Privatinseln der Reedereien im Überblick
Carnival Cruise Line & Töchter (Costa, Holland America Line, Princess Cruises):
- Celebration Key, Grand Bahama, «Weltgrösste Sandburg» und 105Meter-Wasserrutsche
- Half Moon Cay, Bahamas, Reiten im Meer & Naturstrände
- Princess Cays, Eleuthera, Klassischer Strandtag mit Grillbuffet
- Amber Cove, Dom. Rep., Grosser Hafen-Resort-Komplex
Disney Cruise Line:
- Castaway Cay (Bahamas): Der Goldstandard für Familien. Inklusive Radwegen, Schnorchellagunen und der typischen Disney-Magie.
- Lookout Cay at Lighthouse Point (Bahamas): Fokus auf lokale Kultur, gepaart mit dem Spieleland «Sebastian’s Cove».
Norwegian Cruise Line (NCL):
- Great Stirrup Cay (Bahamas): Klassische Privatinsel, aktuell massiv ausgebaut mit neuen Poolbereichen und exklusiven Villen.
- Harvest Caye (Belize): Einzigartig durch die Kooperation mit der lokalen Regierung; bietet eine «Wildlife Experience» mit heimischen Tieren.
Royal Caribbean Group:
- Perfect Day at CocoCay (Bahamas): Das «Disneyland» unter den Privatinseln.
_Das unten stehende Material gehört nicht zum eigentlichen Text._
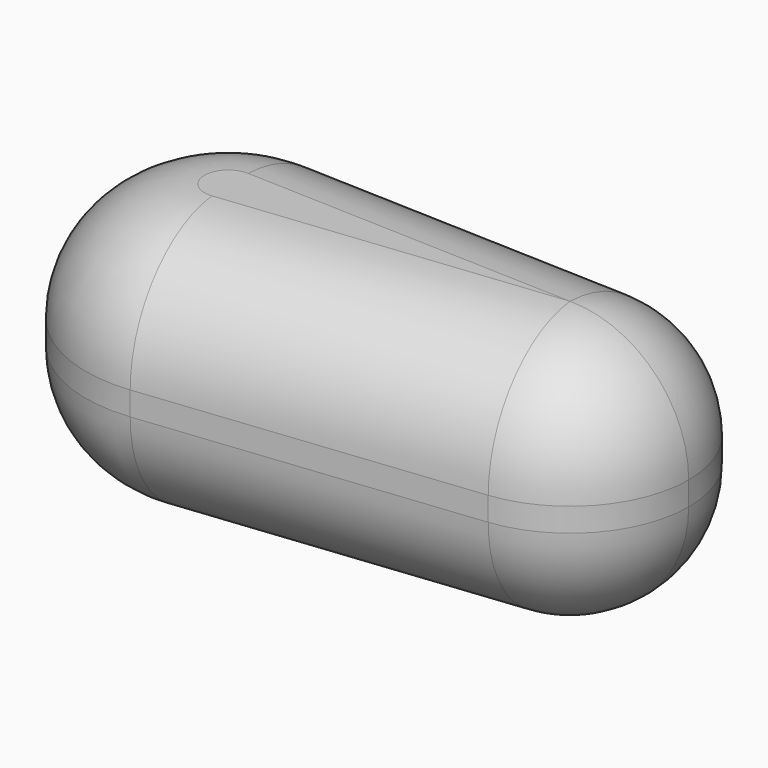
from build123d import *

# Parameters (mm, degrees)
F1_R     = 0.05
F2_DEPTH = 6.6
F3_DEPTH = 0.05
F4_R     = 6


# Not quite as in the source:
# - a feature names something its author has since deleted; it is built from what else it names


with BuildPart() as f2:
    # F1 (on Top) → F2 (new body, symmetric)
    with BuildSketch(Plane.XY):
        with BuildLine():
            ThreePointArc((-22.0188386326, -14.3586602491), (-17.4326418198, -12.0110708593), (-15.5892822956, -7.2))
            ThreePointArc((-15.5892822956, -7.2), (-17.6078830939, -2.2006898163), (-22.5318107159, -0.004605057))
            ThreePointArc((-22.5318107159, -0.004605057), (-29.9846889937, -7.4571428571), (-22.0188386326, -14.3586602491))
        make_face()
        with Locations((-22.7892822956, -7.2)):
            Circle(F1_R, mode=Mode.SUBTRACT)
        with BuildLine():
            ThreePointArc((-22.5318107159, -0.004605057), (-17.6078830939, -2.2006898163), (-15.5892822956, -7.2))
            ThreePointArc((-15.5892822956, -7.2), (-17.4326418198, -12.0110708593), (-22.0188386326, -14.3586602491))
            Line((-22.0188386326, -14.3586602491), (-5.3579636142, -12.5655502076))
            ThreePointArc((-5.3579636142, -12.5655502076), (-11.9961722484, -6.8142857143), (-5.7854403503, -0.6038375475))
            Line((-5.7854403503, -0.6038375475), (-22.5318107159, -0.004605057))
        make_face()
        with BuildLine():
            ThreePointArc((0, -6.6), (-1.682167332, -2.4339081802), (-5.7854403503, -0.6038375475))
            ThreePointArc((-5.7854403503, -0.6038375475), (-11.9961722484, -6.8142857143), (-5.3579636142, -12.5655502076))
            ThreePointArc((-5.3579636142, -12.5655502076), (-1.5361329369, -10.6092257161), (0, -6.6))
        make_face()
        with Locations((-6, -6.6)):
            Circle(F1_R, mode=Mode.SUBTRACT)
        with Locations((-22.7892822956, -7.2)):
            Circle(F1_R)
        with Locations((-6, -6.6)):
            Circle(F1_R)
    extrude(amount=F2_DEPTH, both=True)

    # F1 (on Top) → F3 (cut, symmetric)
    with BuildSketch(Plane.XY):
        with Locations((-22.7892822956, -7.2)):
            Circle(F1_R)
        with Locations((-6, -6.6)):
            Circle(F1_R)
    extrude(amount=F3_DEPTH, both=True, mode=Mode.SUBTRACT)

    # F4
    f4_edges = [f2.edges().sort_by_distance(p)[0] for p in [
        (-29.984689, -7.457143, 6.6),
        (-13.688401, -13.462105, 6.6),
        (-0.003828, -6.385714, 6.6),
        (-14.158626, -0.304221, 6.6),
        (-29.984689, -7.457143, -6.6),
        (-13.688401, -13.462105, -6.6),
        (-0.003828, -6.385714, -6.6),
        (-14.158626, -0.304221, -6.6),
    ]]
    fillet(f4_edges, radius=F4_R)


solid = f2.part
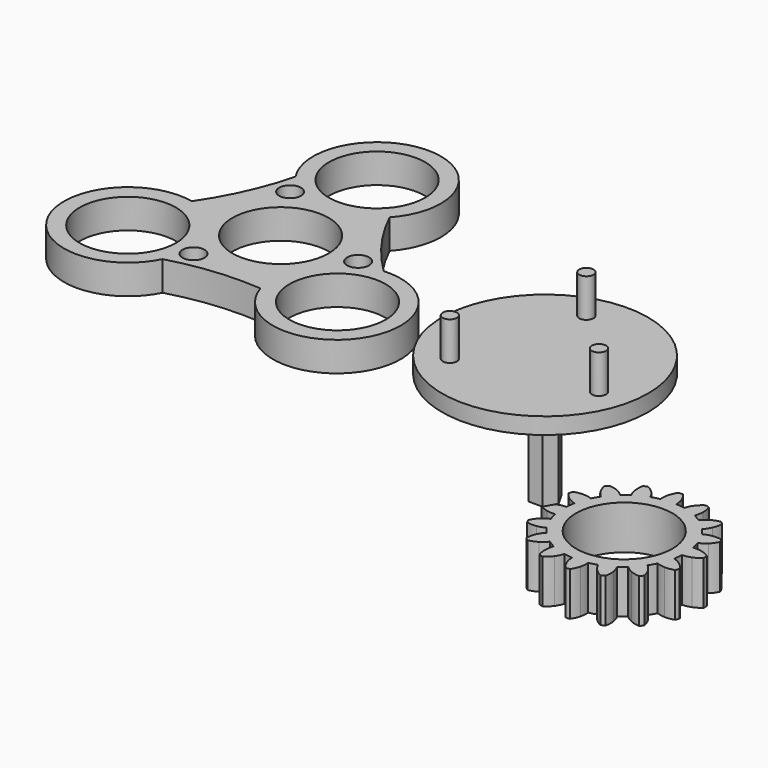
from build123d import *

# Parameters (mm, degrees)
F3_R     = 11.15
F4_DEPTH = 10.16
F0_R     = 11.15
F0_R_2   = 2.54
F5_DEPTH = 6.858
F1_R     = 23.8758575394
F1_R_2   = 1.651
F6_DEPTH = 3.81
F7_DEPTH = 12.7
F8_DEPTH = 25.4


# Not quite as in the source:
# - a feature names something its author has since deleted; it is built from what else it names


with BuildPart() as f4:
    # F3 (on offset) → F4 (new body)
    with BuildSketch(Plane.XY.offset(-25.4)):
        with BuildLine():
            ThreePointArc((46.6580232987, 12.782273917), (46.897414188, 11.8167860558), (47.2996218498, 10.9070037716))
            ThreePointArc((47.2996218498, 10.9070037716), (46.4885653807, 10.3281901983), (45.7204118752, 9.6935423112))
            ThreePointArc((45.7204118752, 9.6935423112), (44.9442772532, 10.316358652), (44.0729983828, 10.7971478738))
            ThreePointArc((44.0729983828, 10.7971478738), (43.042378943, 11.1427773384), (41.9651281062, 11.2882654524))
            ThreePointArc((41.9651281062, 11.2882654524), (41.6093843586, 10.9481924321), (41.3186545869, 10.5511036851))
            ThreePointArc((41.3186545869, 10.5511036851), (41.6034820024, 9.500074798), (42.0813519912, 8.5215919664))
            ThreePointArc((42.0813519912, 8.5215919664), (42.6719965427, 7.7212084197), (43.3917465765, 7.0345973968))
            ThreePointArc((43.3917465765, 7.0345973968), (42.86393047, 6.1894655098), (42.3971184001, 5.3091676965))
            ThreePointArc((42.3971184001, 5.3091676965), (41.4417220134, 5.5875611052), (40.4527752283, 5.698328438))
            ThreePointArc((40.4527752283, 5.698328438), (39.3683403522, 5.6232474415), (38.3174144619, 5.3454148845))
            ThreePointArc((38.3174144619, 5.3454148845), (38.1188904054, 4.8950911431), (38.0022504044, 4.4169715103))
            ThreePointArc((38.0022504044, 4.4169715103), (38.6676079659, 3.5549461664), (39.4835514363, 2.8338188328))
            ThreePointArc((39.4835514363, 2.8338188328), (40.3355293712, 2.3203907402), (41.263246359, 1.9614812827))
            ThreePointArc((41.263246359, 1.9614812827), (41.0990258325, 0.9786947508), (41.0046231044, -0.0132356266))
            ThreePointArc((41.0046231044, -0.0132356266), (40.015415392, -0.1216480228), (39.0593588755, -0.3977659014))
            ThreePointArc((39.0593588755, -0.3977659014), (38.0862039425, -0.8821269579), (37.2215969388, -1.5409826976))
            ThreePointArc((37.2215969388, -1.5409826976), (37.2105160613, -2.0329994527), (37.2857232139, -2.5193605914))
            ThreePointArc((37.2857232139, -2.5193605914), (38.2303162641, -3.0611468478), (39.2601132193, -3.4151335838))
            ThreePointArc((39.2601132193, -3.4151335838), (40.2437186203, -3.5634414495), (41.2381660604, -3.5400086302))
            ThreePointArc((41.2381660604, -3.5400086302), (41.4625422004, -4.5108294666), (41.7549207736, -5.46338))
            ThreePointArc((41.7549207736, -5.46338), (40.8824996427, -5.9420933966), (40.1048843326, -6.5630600425))
            ThreePointArc((40.1048843326, -6.5630600425), (39.3911633596, -7.3829615788), (38.8445038212, -8.3225356875))
            ThreePointArc((38.8445038212, -8.3225356875), (39.0225530859, -8.7813403654), (39.2781577848, -9.2018989356))
            ThreePointArc((39.2781577848, -9.2018989356), (40.3581805947, -9.3409640582), (41.4450537833, -9.2739189249))
            ThreePointArc((41.4450537833, -9.2739189249), (42.4105416445, -9.0345280356), (43.3203239288, -8.6323203737))
            ThreePointArc((43.3203239288, -8.6323203737), (43.8991375021, -9.4433768428), (44.5337853892, -10.2115303484))
            ThreePointArc((44.5337853892, -10.2115303484), (43.9109690483, -10.9876649703), (43.4301798266, -11.8589438407))
            ThreePointArc((43.4301798266, -11.8589438407), (43.0845503619, -12.8895632805), (42.939062248, -13.9668141173))
            ThreePointArc((42.939062248, -13.9668141173), (43.2791352683, -14.3225578649), (43.6762240152, -14.6132876366))
            ThreePointArc((43.6762240152, -14.6132876366), (44.7272529023, -14.3284602212), (45.705735734, -13.8505902324))
            ThreePointArc((45.705735734, -13.8505902324), (46.5061192806, -13.2599456808), (47.1927303036, -12.540195647))
            ThreePointArc((47.1927303036, -12.540195647), (48.0378621905, -13.0680117536), (48.9181600038, -13.5348238234))
            ThreePointArc((48.9181600038, -13.5348238234), (48.6397665951, -14.4902202101), (48.5289992624, -15.4791669952))
            ThreePointArc((48.5289992624, -15.4791669952), (48.6040802588, -16.5636018713), (48.8819128158, -17.6145277616))
            ThreePointArc((48.8819128158, -17.6145277616), (49.3322365572, -17.8130518182), (49.8103561901, -17.9296918191))
            ThreePointArc((49.8103561901, -17.9296918191), (50.672381534, -17.2643342577), (51.3935088675, -16.4483907873))
            ThreePointArc((51.3935088675, -16.4483907873), (51.9069369602, -15.5964128523), (52.2658464176, -14.6686958646))
            ThreePointArc((52.2658464176, -14.6686958646), (53.2486329496, -14.8329163911), (54.240563327, -14.9273191192))
            ThreePointArc((54.240563327, -14.9273191192), (54.3489757232, -15.9165268315), (54.6250936018, -16.8725833481))
            ThreePointArc((54.6250936018, -16.8725833481), (55.1094546582, -17.8457382811), (55.768310398, -18.7103452847))
            ThreePointArc((55.768310398, -18.7103452847), (56.260327153, -18.7214261623), (56.7466882918, -18.6462190096))
            ThreePointArc((56.7466882918, -18.6462190096), (57.2884745482, -17.7016259594), (57.6424612841, -16.6718290043))
            ThreePointArc((57.6424612841, -16.6718290043), (57.7907691499, -15.6882236032), (57.7673363305, -14.6937761632))
            ThreePointArc((57.7673363305, -14.6937761632), (58.7381571669, -14.4694000231), (59.6907077003, -14.17702145))
            ThreePointArc((59.6907077003, -14.17702145), (60.1694210969, -15.0494425809), (60.7903877428, -15.827057891))
            ThreePointArc((60.7903877428, -15.827057891), (61.6102892792, -16.5407788639), (62.5498633878, -17.0874384023))
            ThreePointArc((62.5498633878, -17.0874384023), (63.0086680657, -16.9093891377), (63.4292266359, -16.6537844387))
            ThreePointArc((63.4292266359, -16.6537844387), (63.5682917586, -15.5737616289), (63.5012466252, -14.4868884402))
            ThreePointArc((63.5012466252, -14.4868884402), (63.2618557359, -13.521400579), (62.8596480741, -12.6116182948))
            ThreePointArc((62.8596480741, -12.6116182948), (63.6707045432, -12.0328047215), (64.4388580487, -11.3981568344))
            ThreePointArc((64.4388580487, -11.3981568344), (65.2149926707, -12.0209731752), (66.0862715411, -12.501762397))
            ThreePointArc((66.0862715411, -12.501762397), (67.1168909809, -12.8473918616), (68.1941418176, -12.9928799756))
            ThreePointArc((68.1941418176, -12.9928799756), (68.5498855653, -12.6528069553), (68.8406153369, -12.2557182083))
            ThreePointArc((68.8406153369, -12.2557182083), (68.5557879215, -11.2046893212), (68.0779179327, -10.2262064896))
            ThreePointArc((68.0779179327, -10.2262064896), (67.4872733812, -9.4258229429), (66.7675233473, -8.73921192))
            ThreePointArc((66.7675233473, -8.73921192), (67.2953394539, -7.894080033), (67.7621515238, -7.0137822197))
            ThreePointArc((67.7621515238, -7.0137822197), (68.7175479105, -7.2921756284), (69.7064946956, -7.4029429612))
            ThreePointArc((69.7064946956, -7.4029429612), (70.7909295717, -7.3278619647), (71.841855462, -7.0500294077))
            ThreePointArc((71.841855462, -7.0500294077), (72.0403795185, -6.5997056663), (72.1570195195, -6.1215860335))
            ThreePointArc((72.1570195195, -6.1215860335), (71.491661958, -5.2595606896), (70.6757184876, -4.538433356))
            ThreePointArc((70.6757184876, -4.538433356), (69.8237405526, -4.0250052634), (68.8960235649, -3.6660958059))
            ThreePointArc((68.8960235649, -3.6660958059), (69.0602440914, -2.683309274), (69.1546468195, -1.6913788966))
            ThreePointArc((69.1546468195, -1.6913788966), (70.1438545319, -1.5829665003), (71.0999110484, -1.3068486218))
            ThreePointArc((71.0999110484, -1.3068486218), (72.0730659814, -0.8224875653), (72.9376729851, -0.1636318256))
            ThreePointArc((72.9376729851, -0.1636318256), (72.9487538626, 0.3283849295), (72.87354671, 0.8147460683))
            ThreePointArc((72.87354671, 0.8147460683), (71.9289536598, 1.3565323246), (70.8991567046, 1.7105190606))
            ThreePointArc((70.8991567046, 1.7105190606), (69.9155513036, 1.8588269263), (68.9211038635, 1.835394107))
            ThreePointArc((68.9211038635, 1.835394107), (68.6967277235, 2.8062149434), (68.4043491503, 3.7587654768))
            ThreePointArc((68.4043491503, 3.7587654768), (69.2767702812, 4.2374788734), (70.0543855913, 4.8584455193))
            ThreePointArc((70.0543855913, 4.8584455193), (70.7681065642, 5.6783470556), (71.3147661027, 6.6179211643))
            ThreePointArc((71.3147661027, 6.6179211643), (71.136716838, 7.0767258422), (70.8811121391, 7.4972844124))
            ThreePointArc((70.8811121391, 7.4972844124), (69.8010893292, 7.636349535), (68.7142161406, 7.5693044017))
            ThreePointArc((68.7142161406, 7.5693044017), (67.7487282794, 7.3299135124), (66.8389459951, 6.9277058505))
            ThreePointArc((66.8389459951, 6.9277058505), (66.2601324218, 7.7387623196), (65.6254845347, 8.5069158252))
            ThreePointArc((65.6254845347, 8.5069158252), (66.2483008756, 9.2830504471), (66.7290900973, 10.1543293175))
            ThreePointArc((66.7290900973, 10.1543293175), (67.074719562, 11.1849487573), (67.2202076759, 12.2621995941))
            ThreePointArc((67.2202076759, 12.2621995941), (66.8801346556, 12.6179433417), (66.4830459087, 12.9086731134))
            ThreePointArc((66.4830459087, 12.9086731134), (65.4320170216, 12.623845698), (64.4535341899, 12.1459757092))
            ThreePointArc((64.4535341899, 12.1459757092), (63.6531506432, 11.5553311576), (62.9665396203, 10.8355811238))
            ThreePointArc((62.9665396203, 10.8355811238), (62.1214077334, 11.3633972304), (61.2411099201, 11.8302093002))
            ThreePointArc((61.2411099201, 11.8302093002), (61.5195033288, 12.7856056869), (61.6302706615, 13.774552472))
            ThreePointArc((61.6302706615, 13.774552472), (61.5551896651, 14.8589873482), (61.277357108, 15.9099132384))
            ThreePointArc((61.277357108, 15.9099132384), (60.8270333666, 16.108437295), (60.3489137338, 16.2250772959))
            ThreePointArc((60.3489137338, 16.2250772959), (59.4868883899, 15.5597197345), (58.7657610564, 14.7437762641))
            ThreePointArc((58.7657610564, 14.7437762641), (58.2523329637, 13.8917983291), (57.8934235063, 12.9640813414))
            ThreePointArc((57.8934235063, 12.9640813414), (56.9106369743, 13.1283018679), (55.9187065969, 13.222704596))
            ThreePointArc((55.9187065969, 13.222704596), (55.8102942007, 14.2119123083), (55.5341763221, 15.1679688249))
            ThreePointArc((55.5341763221, 15.1679688249), (55.0498152657, 16.1411237579), (54.3909595259, 17.0057307615))
            ThreePointArc((54.3909595259, 17.0057307615), (53.8989427709, 17.0168116391), (53.4125816321, 16.9416044864))
            ThreePointArc((53.4125816321, 16.9416044864), (52.8707953757, 15.9970114362), (52.5168086398, 14.9672144811))
            ThreePointArc((52.5168086398, 14.9672144811), (52.368500774, 13.98360908), (52.3919335934, 12.98916164))
            ThreePointArc((52.3919335934, 12.98916164), (51.421112757, 12.7647854999), (50.4685622236, 12.4724069268))
            ThreePointArc((50.4685622236, 12.4724069268), (49.989848827, 13.3448280577), (49.3688821811, 14.1224433678))
            ThreePointArc((49.3688821811, 14.1224433678), (48.5489806447, 14.8361643407), (47.6094065361, 15.3828238791))
            ThreePointArc((47.6094065361, 15.3828238791), (47.1506018582, 15.2047746145), (46.730043288, 14.9491699155))
            ThreePointArc((46.730043288, 14.9491699155), (46.5909781653, 13.8691471057), (46.6580232987, 12.782273917))
        make_face()
        with Locations((55.0796349619, -0.8523072616)):
            Circle(F3_R, mode=Mode.SUBTRACT)
    extrude(amount=-F4_DEPTH)


with BuildPart() as f5:
    # F0 (on Top) → F5 (new body)
    with BuildSketch(Plane.XY):
        with BuildLine():
            ThreePointArc((-39.3561690708, 21.9977449829), (-42.8395859433, 11.9927540801), (-48.0209129825, 2.7521974852))
            ThreePointArc((-48.0209129825, 2.7521974852), (-64.5879284102, -18.0924816154), (-37.9620499011, -18.2634804685))
            ThreePointArc((-37.9620499011, -18.2634804685), (-27.5557651784, -16.2777125207), (-16.9625449025, -16.1445950645))
            ThreePointArc((-16.9625449025, -16.1445950645), (9.3729844462, -20.0697117395), (-3.7918654575, 3.074474874))
            ThreePointArc((-3.7918654575, 3.074474874), (-10.7147333077, 11.0936978289), (-16.1266265444, 20.2011369677))
            ThreePointArc((-16.1266265444, 20.2011369677), (-25.8951404654, 44.9709327433), (-39.3561690708, 21.9977449829))
        make_face()
        with Locations((-51.160162566, -11.8265864704)):
            Circle(F0_R, mode=Mode.SUBTRACT)
        with Locations((-34.8965979527, -13.110404163)):
            Circle(F0_R_2, mode=Mode.SUBTRACT)
        with Locations((-27.0366948098, 2.2695797961)):
            Circle(F0_R, mode=Mode.SUBTRACT)
        with Locations((-2.7673228489, -11.5738729749)):
            Circle(F0_R, mode=Mode.SUBTRACT)
        with Locations((-9.7872864199, 3.1526959827)):
            Circle(F0_R_2, mode=Mode.SUBTRACT)
        with Locations((-36.4262000568, 16.7664475687)):
            Circle(F0_R_2, mode=Mode.SUBTRACT)
        with Locations((-27.036805868, 30.2095797961)):
            Circle(F0_R, mode=Mode.SUBTRACT)
    extrude(amount=F5_DEPTH)


with BuildPart() as f6:
    # F1 (on Top) → F6 (new body)
    with BuildSketch(Plane.XY):
        with Locations((35.9901546764, 0.0754770181)):
            Circle(F1_R)
        with Locations((23.3627118705, -11.7088206777)):
            Circle(F1_R_2, mode=Mode.SUBTRACT)
        with Locations((52.5093772497, -4.9680603887)):
            Circle(F1_R_2, mode=Mode.SUBTRACT)
        with Locations((32.0983749091, 16.9033121208)):
            Circle(F1_R_2, mode=Mode.SUBTRACT)
        Polygon((39.1651546764, 0.0754770181), (37.5776546764, -2.6741536389), (34.4026546764, -2.6741536389), (32.8151546764, 0.0754770181), (34.4026546764, 2.8251076752), (37.5776546764, 2.8251076752), align=None, mode=Mode.SUBTRACT)
        Polygon((34.4026546764, -2.6741536389), (37.5776546764, -2.6741536389), (39.1651546764, 0.0754770181), (37.5776546764, 2.8251076752), (34.4026546764, 2.8251076752), (32.8151546764, 0.0754770181), align=None)
    extrude(amount=F6_DEPTH)

    # F1 (on Top) → F7 (join)
    with BuildSketch(Plane.XY):
        with Locations((32.0983749091, 16.9033121208)):
            Circle(F1_R_2)
        with Locations((23.3627118705, -11.7088206777)):
            Circle(F1_R_2)
        with Locations((52.5093772497, -4.9680603887)):
            Circle(F1_R_2)
    extrude(amount=F7_DEPTH)

    # F1 (on Top) → F8 (join)
    with BuildSketch(Plane.XY):
        Polygon((34.4026546764, -2.6741536389), (37.5776546764, -2.6741536389), (39.1651546764, 0.0754770181), (37.5776546764, 2.8251076752), (34.4026546764, 2.8251076752), (32.8151546764, 0.0754770181), align=None)
    extrude(amount=-F8_DEPTH)


solid = Compound([f4.part, f5.part, f6.part])

Mit gigantischem Wasserpark, dem höchsten Rutschenturm Nordamerikas und Ballonfahrten.
- Labadee (Haiti): Eine private Halbinsel, bekannt für die längste Zipline der Welt über dem Wasser.
Tui Cruises (Mein Schiff):
- Isla Catalina (Dom. Rep.): Keine dauerhafte Privatinsel, aber an festen Terminen exklusiv für Mein Schiff Gäste reserviert. Ideal zum Schnorcheln und Tauchen in entspannter Atmosphäre.